Since Free Will exists and is operative, my decisions matter a lot, so I cannot be passive. Yet since the God who loves me still is sovereign, he can smooth over my many poor choices, so in the end I will be okay. Keller uses the Genesis historical account of Joseph where many people made terrible decisions with some good ones thrown in, but God, made everything work together to good purpose and save Jacob and his family from a killer famine.

How to Come to Terms with this Paradox

As a scientist, I am no stranger to paradoxes. The one that springs immediately to mind is the wave-particle duality that is particularly pronounced in small particles. One knows this paradox is intrinsic to particles. One also understands the quantum nature of very small particles is so different from what I encounter in the macroscopic world, that I should not be surprised the properties characteristic of the quantum realm appear as paradoxes to me.

The way a physicist handles these paradoxes is instructive. One knows when to treat an electron as a particle and when to treat it as a wave to solve a particular problem. For diffraction one treats an electron as a wave; for collisions as a particle.

Some years ago I read Roger Penrose’s book The Road to Reality. Much I did not understand but his explanation of the arrow of time always stayed with me. Of the four dimensions (x, y, z, t) only time is unidirectional, that is to say time always moves from the present to the future. Indeed, our world is what it is, because of time. The Second Law of Thermodynamics states that for any process, the entropy of the universe must increase. To go back in time is to return to a lower entropic state of the universe and so contradicts this law. As a human being, I am remorselessly and relentlessly bound in time. At one point in time I am deciding cereal or eggs for breakfast. Twenty minutes later that decision is irrevocably set in the past. Within time I made a decision.

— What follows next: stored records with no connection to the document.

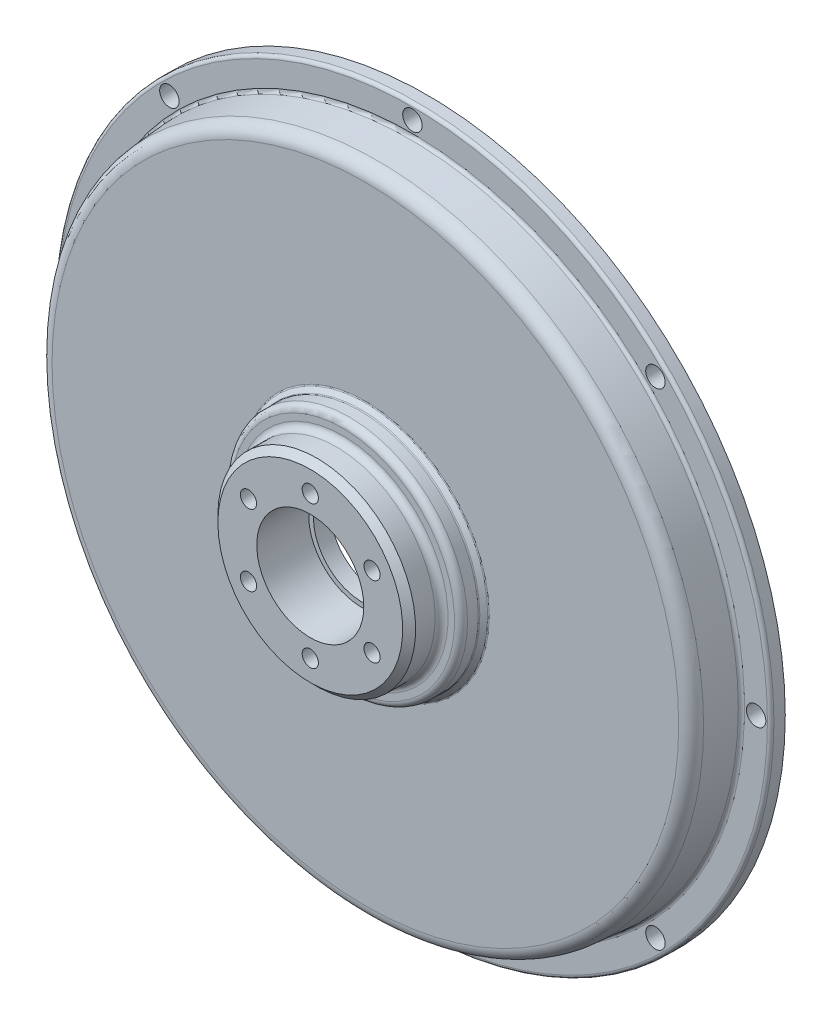
SolidWorks part; units mm, degrees
material "1060 Сплав"
ref_plane "Спереди" through (0, 0, 0) normal (0, 0, 1) x (1, 0, 0)
ref_plane "Сверху" through (0, 0, 0) normal (0, 1, 0) x (1, 0, 0)
ref_plane "Справа" through (0, 0, 0) normal (1, 0, 0) x (0, 0, -1)
sketch "Эскиз1" plane through (0, 0, 0) normal (0, 1, 0) x (1, 0, 0)
  line L0 (0, 0) -> (-110.5, 0) construction
  line L1 (-110.5, 0) -> (-110.5, -3.5)
  line L2 (-109.5, -4.5) -> (-102.4224, -4.5)
  line L3 (-101.5, -4.5) -> (-101.5, -19) construction
  line L4 (-101.5, -19) -> (-36.5, -19) construction
  line L5 (-110.5, 0) -> (0, 0)
  line L6 (-36.5, -19) -> (-36.5, -36) construction
  line L7 (-36.5, -36) -> (0, -36) construction
  line L8 (0, 0) -> (0, -36) construction
  line L9 (-36.5, -20.5) -> (-36.5, -24)
  line L10 (-34.5, -26) -> (-32.5, -26)
  line L11 (-30.5, -28) -> (-30.5, -34)
  line L12 (-28.5, -36) -> (0, -36)
  line L13 (-101.4257, -5.4194) -> (-100.6249, -15.3224)
  line L14 (-96.6379, -19) -> (-38, -19)
  line L15 (-38, -19) -> (-36.5, -20.5)
  line L16 (-30.5, -34) -> (-28.5, -36)
  line L17 (0, 0) -> (0, -36)
  arc A0 (-100.6249, -15.3224) -> (-96.6379, -19) centre (-96.6379, -15) ccw
  arc A1 (-102.4224, -4.5) -> (-101.4257, -5.4194) centre (-102.4224, -5.5) cw
  arc A2 (-32.5, -26) -> (-30.5, -28) centre (-32.5, -28) cw
  arc A3 (-36.5, -24) -> (-34.5, -26) centre (-34.5, -24) ccw
  arc A4 (-110.5, -3.5) -> (-109.5, -4.5) centre (-109.5, -3.5) ccw
  point P12 (-30.5, -36)
  point P15 (-100.3276, -19)
  point P25 (-36.5, -26)
  point P30 (-110.5, -4.5)
  dimension "D8" = 4
  dimension "D9" = 1
  dimension "D10" = 2
  dimension "D11" = 1
  dimension "D1" = 110.5
  dimension "D2" = 36.5
  dimension "D3" = 14.5
  dimension "D4" = 9
  dimension "D5" = 4.5
  dimension "D6" = 17
  dimension "D7" = 30.5
revolve "Повернуть1" add sketch "Эскиз1" angle 360 about L17
fillet "Скругление1" radius 0.5 2 edges at (-38, 0, 19) (-36.5, 0, 20.5)
sketch "Эскиз2" plane through (0, 0, 4.5) normal (0, 0, 1) x (1, 0, 0)
  circle A0 centre (0, 0) radius 106 construction
  circle A1 centre (0, 106) radius 3
  circle A2 centre (74.9533, 74.9533) radius 3
  circle A3 centre (106, 0) radius 3
  circle A4 centre (74.9533, -74.9533) radius 3
  circle A5 centre (0, -106) radius 3
  circle A6 centre (-74.9533, -74.9533) radius 3
  circle A7 centre (-106, 0) radius 3
  circle A8 centre (-74.9533, 74.9533) radius 3
  point P22 (0, 0)
  dimension "D1" = 212
  dimension "D2" = 6
  dimension "D3" = 8
extrude "Вырез-Вытянуть1" cut sketch "Эскиз2" against normal blind 10
sketch "Эскиз3" plane through (0, 0, 36) normal (0, 0, 1) x (1, 0, 0)
  circle A0 centre (0, 0) radius 16.5
  dimension "D1" = 33
extrude "Вырез-Вытянуть2" cut sketch "Эскиз3" against normal blind 16
sketch "Эскиз4" plane through (0, 0, 36) normal (0, 0, 1) x (1, 0, 0)
  circle A0 centre (0, 0) radius 22 construction
  circle A1 centre (0, 22) radius 2.5
  circle A2 centre (19.0526, 11) radius 2.5
  circle A3 centre (19.0526, -11) radius 2.5
  circle A4 centre (0, -22) radius 2.5
  circle A5 centre (-19.0526, -11) radius 2.5
  circle A6 centre (-19.0526, 11) radius 2.5
  point P18 (0, 0)
  dimension "D1" = 44
  dimension "D2" = 5
  dimension "D3" = 6
extrude "Вырез-Вытянуть3" cut sketch "Эскиз4" against normal blind 15
sketch "Эскиз5" plane through (0, 0, 0) normal (0, 0, -1) x (-1, 0, 0)
  circle A0 centre (0, 0) radius 95
  dimension "D1" = 190
extrude "Вырез-Вытянуть4" cut sketch "Эскиз5" against normal blind 15
sketch "Эскиз6" plane through (0, 0, 20) normal (0, 0, 1) x (1, 0, 0)
  circle A0 centre (0, 0) radius 15
  dimension "D1" = 30
extrude "Вырез-Вытянуть5" cut sketch "Эскиз6" against normal blind 15
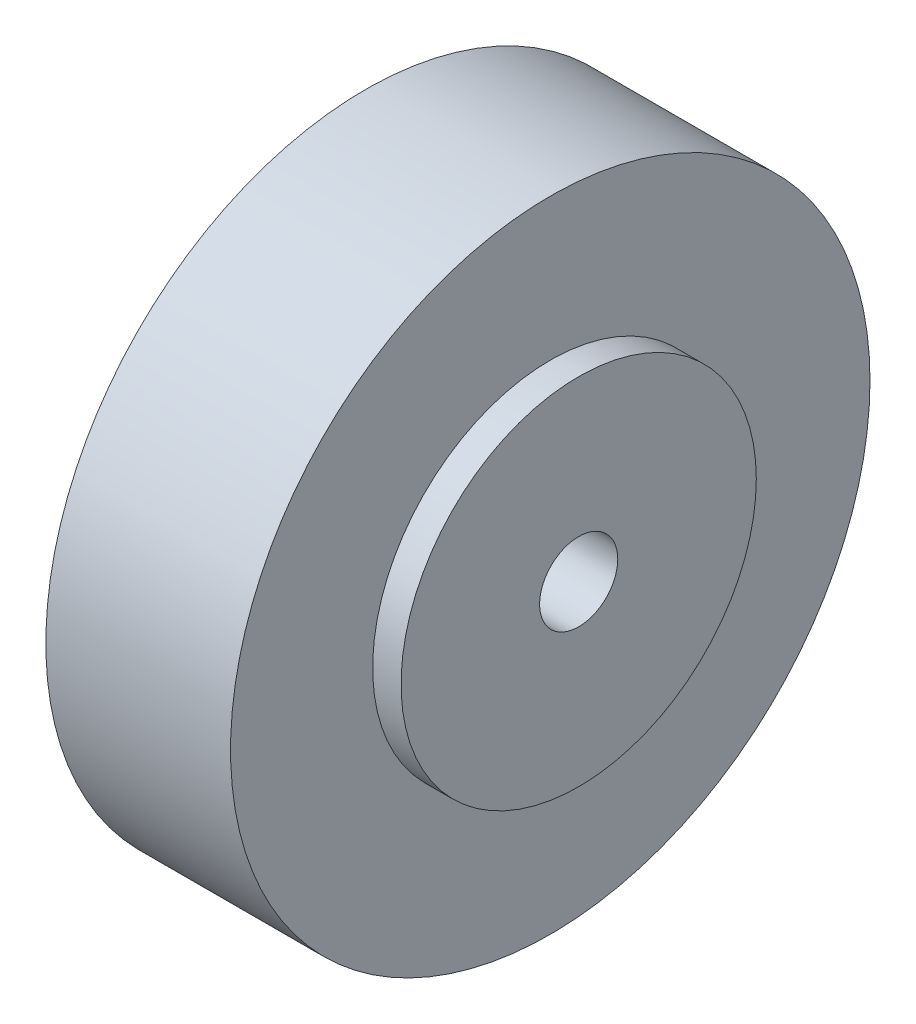
SolidWorks part; units mm, degrees
ref_plane "Front Plane" through (0, 0, 0) normal (0, 0, 1) x (1, 0, 0)
ref_plane "Top Plane" through (0, 0, 0) normal (0, 1, 0) x (1, 0, 0)
ref_plane "Right Plane" through (0, 0, 0) normal (1, 0, 0) x (0, 0, -1)
sketch "Sketch1" plane through (0, 0, 0) normal (1, 0, 0) x (0, 0, -1)
  circle A0 centre (0, 0) radius 22.5
  dimension "D1" = 45
extrude "Boss-Extrude1" add sketch "Sketch1" against normal blind 15
sketch "Sketch2" plane through (0, 0, 0) normal (1, 0, 0) x (0, 0, -1)
  circle A0 centre (0, 0) radius 2.75
  dimension "D1" = 5.5
extrude "Cut-Extrude1" cut sketch "Sketch2" against normal through all
sketch "Sketch5" plane through (-15, 0, 0) normal (-1, 0, 0) x (0, 0, 1)
  circle A0 centre (0, 0) radius 8.1
  dimension "D1" = 16.2
extrude "Cut-Extrude2" cut sketch "Sketch5" against normal blind 5.5
ref_plane "Plane2" through (-1.5, 0, 0) normal (1, 0, 0) x (0, 0, -1)
sketch "Sketch28" plane through (0, 0, 0) normal (1, 0, 0) x (0, 0, -1)
  circle A0 centre (0, 0) radius 12.5
  point P2 (0, 0)
  dimension "D1" = 25
extrude "Cut-Extrude-Thin1" cut sketch "Sketch28" against normal blind 2 thin

Yet if I believe that God created everything including time, then I have to believe he exists outside of time as well as within it. This to me is the whole explanation why Free Will and Determinism can co-exist. Within time (the only realm I comprehend), real decisions are being made and have consequences. Outside of time, in some way there is some multidimensional present where all of infinity is seen (I want tot say simultaneously, but that would be a symptom of my incurable compulsion to always drag time back into God’s timeless realm).

This brings me to my final point. I can’t understand God’s Sovereignty without dragging time into his timeless realm and so making him responsible for all actions and destroying Free Will. I can’t understand his sovereignty, but at least I know why I can’t understand it.

As Keller points out, having free, meaningful choices and a sovereign God superintending all is the only way of avoiding paralysis on the one hand and passivity on the other. Like the scientist, I apply my imperfect models to the problem at hand. When I am making a decision, I decide knowing that this is my responsibility. When I have second thoughts and wonder if I my decision has been a huge mistake, I am confident that God in his sovereignty will make it work out, despite my flawed choices.